Whilst Napoleon was meditating his enterprise upon Spain, his relations with the Russian government ceased to be marked with the usual cordiality. Alexander was pressed by his brother emperor to complete his design upon Finland, but for the moment to evacuate the Danubian principalities. But the Czar's ambition was much more incited by Turkish than by Swedish spoils, and his disappointment was great at being told to recoil from the Danube. Napoleon saw the necessity of at least flattering this Russian hobby, if he wished to preserve the alliance; and this was indispensable to him whilst engaged in his designs upon Spain. On the 22nd of February, 1808, Napoleon wrote to Alexander to propose nothing less than an expedition to India. An army of 50,000 French and Russians despatched thither, would frighten England out of her wits, as soon as it reached the Euphrates. Napoleon declared he had troops just sufficient in Dalmatia. By the first of May our troops, he wrote, may be in Asia, as well as yours at Stockholm! A boy could not be more delighted with his first gun and sword, than Alexander was at the visionary scheme. He did not pause to think how many of the 50,000 men were to reach the Euphrates, or how many of those who got thus far, would muster on the Indus. The plan of marching across Turkey, implied the previous subjugation of that power, no light task for 50,000 men, and, moreover, a partition of its territory beforehand, between France and Russia, a matter of equal difficulty. The letter, however, answered its purpose, which was to keep Russia contented and quiet, until the monarchs met, which they did in September at Erfurt.

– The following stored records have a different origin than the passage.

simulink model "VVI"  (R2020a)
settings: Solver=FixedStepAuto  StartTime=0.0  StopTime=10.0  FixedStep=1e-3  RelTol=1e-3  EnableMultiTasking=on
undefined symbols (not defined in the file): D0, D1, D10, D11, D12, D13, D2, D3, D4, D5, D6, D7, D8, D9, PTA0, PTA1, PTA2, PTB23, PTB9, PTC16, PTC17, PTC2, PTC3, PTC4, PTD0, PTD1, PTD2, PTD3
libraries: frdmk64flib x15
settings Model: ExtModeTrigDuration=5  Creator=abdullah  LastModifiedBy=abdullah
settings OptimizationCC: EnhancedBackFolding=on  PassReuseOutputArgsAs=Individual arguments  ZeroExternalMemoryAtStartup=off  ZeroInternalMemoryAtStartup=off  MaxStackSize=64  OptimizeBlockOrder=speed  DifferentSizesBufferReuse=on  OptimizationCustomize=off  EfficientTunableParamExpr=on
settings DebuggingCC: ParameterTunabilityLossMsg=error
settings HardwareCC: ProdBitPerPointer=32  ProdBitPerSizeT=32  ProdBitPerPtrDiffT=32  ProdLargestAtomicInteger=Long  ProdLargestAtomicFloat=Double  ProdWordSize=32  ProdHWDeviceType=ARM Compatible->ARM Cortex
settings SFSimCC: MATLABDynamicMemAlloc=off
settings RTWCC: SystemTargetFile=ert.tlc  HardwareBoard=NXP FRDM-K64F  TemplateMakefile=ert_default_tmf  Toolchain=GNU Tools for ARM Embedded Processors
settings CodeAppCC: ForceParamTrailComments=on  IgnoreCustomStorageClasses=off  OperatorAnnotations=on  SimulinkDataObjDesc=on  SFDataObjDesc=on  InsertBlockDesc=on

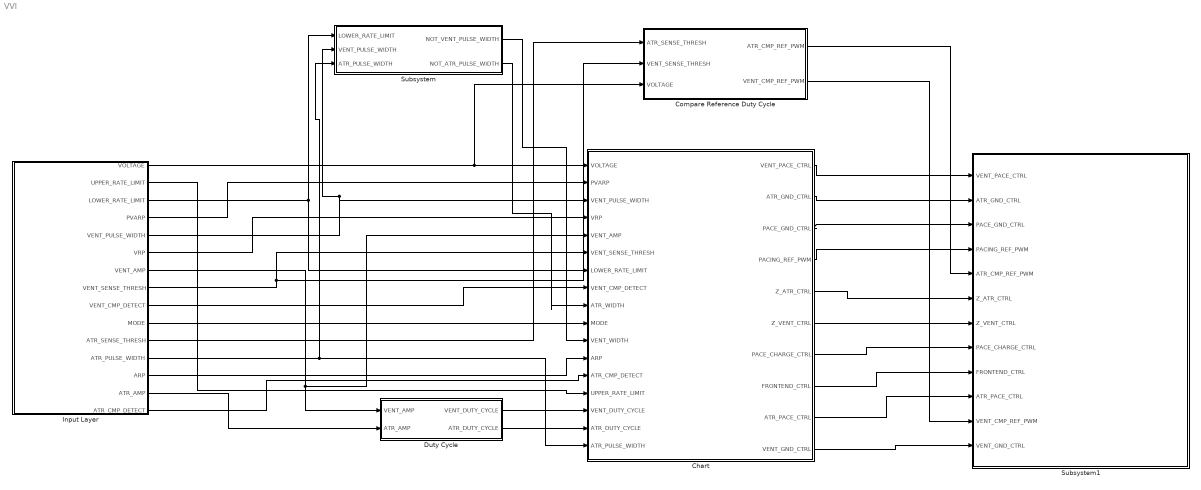
== system VVI ==
  Chart : Stateflow chart  TreatAsAtomicUnit=on
  Compare Reference Duty Cycle : Subsystem
  Duty Cycle : Subsystem
  Input Layer : Subsystem
  Subsystem : Subsystem
  Subsystem1 : Subsystem
  wires:
  Input Layer/1(VOLTAGE) -> Chart/1(VOLTAGE), Compare Reference Duty Cycle/3(VOLTAGE)
  Input Layer/2(UPPER_RATE_LIMIT) -> Chart/14(UPPER_RATE_LIMIT)
  Input Layer/3(LOWER_RATE_LIMIT) -> Subsystem/1(LOWER_RATE_LIMIT), Chart/7(LOWER_RATE_LIMIT)
  Input Layer/4(PVARP) -> Chart/2(PVARP)
  Input Layer/5(VENT_PULSE_WIDTH) -> Subsystem/2(VENT_PULSE_WIDTH), Chart/3(VENT_PULSE_WIDTH)
  Input Layer/6(VRP) -> Chart/4(VRP)
  Input Layer/7(VENT_AMP) -> Duty Cycle/1(VENT_AMP), Chart/5(VENT_AMP)
  Input Layer/8(VENT_SENSE_THRESH) -> Chart/6(VENT_SENSE_THRESH), Compare Reference Duty Cycle/2(VENT_SENSE_THRESH)
  Input Layer/9(VENT_CMP_DETECT) -> Chart/8(VENT_CMP_DETECT)
  Subsystem/1(NOT_VENT_PULSE_WIDTH) -> Chart/11(VENT_WIDTH)
  Chart/1(VENT_PACE_CTRL) -> Subsystem1/1(VENT_PACE_CTRL)
  Chart/2(ATR_GND_CTRL) -> Subsystem1/2(ATR_GND_CTRL)
  Chart/3(PACE_GND_CTRL) -> Subsystem1/3(PACE_GND_CTRL)
  Chart/4(PACING_REF_PWM) -> Subsystem1/4(PACING_REF_PWM)
  Chart/5(Z_ATR_CTRL) -> Subsystem1/6(Z_ATR_CTRL)
  Chart/6(Z_VENT_CTRL) -> Subsystem1/7(Z_VENT_CTRL)
  Chart/7(PACE_CHARGE_CTRL) -> Subsystem1/8(PACE_CHARGE_CTRL)
  Chart/8(FRONTEND_CTRL) -> Subsystem1/9(FRONTEND_CTRL)
  Chart/9(ATR_PACE_CTRL) -> Subsystem1/10(ATR_PACE_CTRL)
  Chart/10(VENT_GND_CTRL) -> Subsystem1/12(VENT_GND_CTRL)
  Duty Cycle/1(VENT_DUTY_CYCLE) -> Chart/15(VENT_DUTY_CYCLE)
  Compare Reference Duty Cycle/1(ATR_CMP_REF_PWM) -> Subsystem1/5(ATR_CMP_REF_PWM)
  Compare Reference Duty Cycle/2(VENT_CMP_REF_PWM) -> Subsystem1/11(VENT_CMP_REF_PWM)
  Input Layer/11(ATR_SENSE_THRESH) -> Compare Reference Duty Cycle/1(ATR_SENSE_THRESH)
  Input Layer/10(MODE) -> Chart/10(MODE)
  Input Layer/12(ATR_PULSE_WIDTH) -> Subsystem/3(ATR_PULSE_WIDTH), Chart/17(ATR_PULSE_WIDTH)
  Subsystem/2(NOT_ATR_PULSE_WIDTH) -> Chart/9(ATR_WIDTH)
  Input Layer/13(ARP) -> Chart/12(ARP)
  Input Layer/14(ATR_AMP) -> Duty Cycle/2(ATR_AMP)
  Duty Cycle/2(ATR_DUTY_CYCLE) -> Chart/16(ATR_DUTY_CYCLE)
  Input Layer/15(ATR_CMP_DETECT) -> Chart/13(ATR_CMP_DETECT)

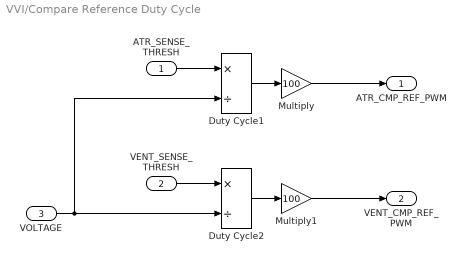
== system VVI/Compare Reference Duty Cycle ==
  ATR_SENSE_THRESH : Inport
  VENT_SENSE_THRESH : Inport  Port=2
  VOLTAGE : Inport  Port=3
  Duty Cycle1 : Product  Inputs=*/
  Duty Cycle2 : Product  Inputs=*/
  Multiply : Gain  Gain=100
  Multiply1 : Gain  Gain=100
  ATR_CMP_REF_PWM : Outport  VectorParamsAs1DForOutWhenUnconnected=off
  VENT_CMP_REF_PWM : Outport  Port=2  VectorParamsAs1DForOutWhenUnconnected=off
  wires:
  Multiply1/1 -> VENT_CMP_REF_PWM/1
  VENT_SENSE_THRESH/1 -> Duty Cycle2/1
  Duty Cycle2/1 -> Multiply1/1
  ATR_SENSE_THRESH/1 -> Duty Cycle1/1
  Duty Cycle1/1 -> Multiply/1
  Multiply/1 -> ATR_CMP_REF_PWM/1
  VOLTAGE/1 -> Duty Cycle1/2, Duty Cycle2/2

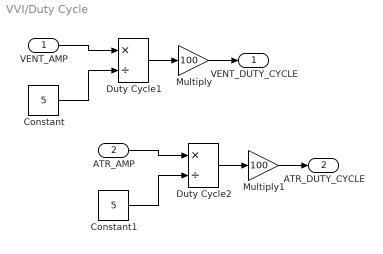
== system VVI/Duty Cycle ==
  VENT_AMP : Inport
  ATR_AMP : Inport  Port=2
  Constant : Constant  Value=5  OutDataTypeStr=single
  Constant1 : Constant  Value=5  OutDataTypeStr=single
  Duty Cycle1 : Product  Inputs=*/
  Duty Cycle2 : Product  Inputs=*/
  Multiply : Gain  Gain=100
  Multiply1 : Gain  Gain=100
  VENT_DUTY_CYCLE : Outport  VectorParamsAs1DForOutWhenUnconnected=off
  ATR_DUTY_CYCLE : Outport  Port=2  VectorParamsAs1DForOutWhenUnconnected=off
  wires:
  Constant/1 -> Duty Cycle1/2
  VENT_AMP/1 -> Duty Cycle1/1
  Duty Cycle1/1 -> Multiply/1
  Multiply/1 -> VENT_DUTY_CYCLE/1
  ATR_AMP/1 -> Duty Cycle2/1
  Multiply1/1 -> ATR_DUTY_CYCLE/1
  Constant1/1 -> Duty Cycle2/2
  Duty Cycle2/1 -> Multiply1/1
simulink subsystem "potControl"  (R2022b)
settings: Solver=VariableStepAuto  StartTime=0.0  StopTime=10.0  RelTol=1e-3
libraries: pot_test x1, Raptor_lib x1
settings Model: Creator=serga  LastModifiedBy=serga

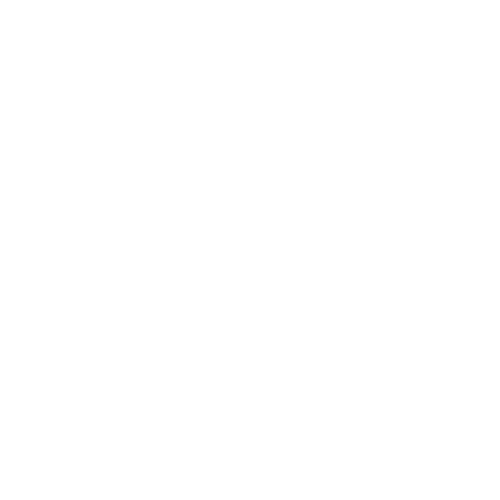
[thumbnail: Simulink's stored preview of the top-level diagram]
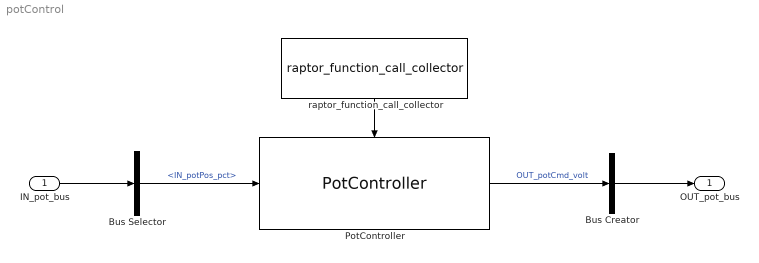
== system potControl ==
  IN_pot_bus : Inport
  Bus Creator : BusCreator  Inputs=1
  Bus Selector : BusSelector  OutputSignals=IN_potPos_pct
  PotController : pot_test/PotController  SystemSampleTime=-1  VariantActivationTime=update diagram  Latency=0  AutoFrameSizeCalculation=off
  raptor_function_call_collector : Raptor_lib/Triggers/raptor_function_call_collector  count=5
      settings: SourceProductName=Raptor
  OUT_pot_bus : Outport
  wires:
  IN_pot_bus/1 -> Bus Selector/1
  Bus Selector/1 -> PotController/1  "<IN_potPos_pct>"
  PotController/1 -> Bus Creator/1  "OUT_potCmd_volt"
  Bus Creator/1 -> OUT_pot_bus/1
  raptor_function_call_collector/1 -> PotController/Trigger

If there be a country in the world which it would be wise policy to leave uninterfered with, it is Spain. Poor, obstinate, bigoted, shut up in a remote corner of Europe, and unmoved by the current or progressive ideas of the day, Spain has every quality that should deter a conqueror, with little calculated to attract one. The mad scheme of subduing all the coasts of Europe, in order to banish English commerce from them, is scarcely sufficient reason. It merely compelled those populations living by the sea to try to exist, that is, suffer and starve, without it. Such were the effects of Napoleon's enforced exclusion of English, which then implied all, trade or navigation upon Holland and the Baltic provinces, Russia included, as well as those of the Mediterranean, Italy suffering as much as Holland. In striving to strike at England the French ruler really dealt blows upon himself. For he created enmity and disaffection towards his government and its tyranny in the breasts of the entire maritime population of the Continent, and by consequence in those of their rulers.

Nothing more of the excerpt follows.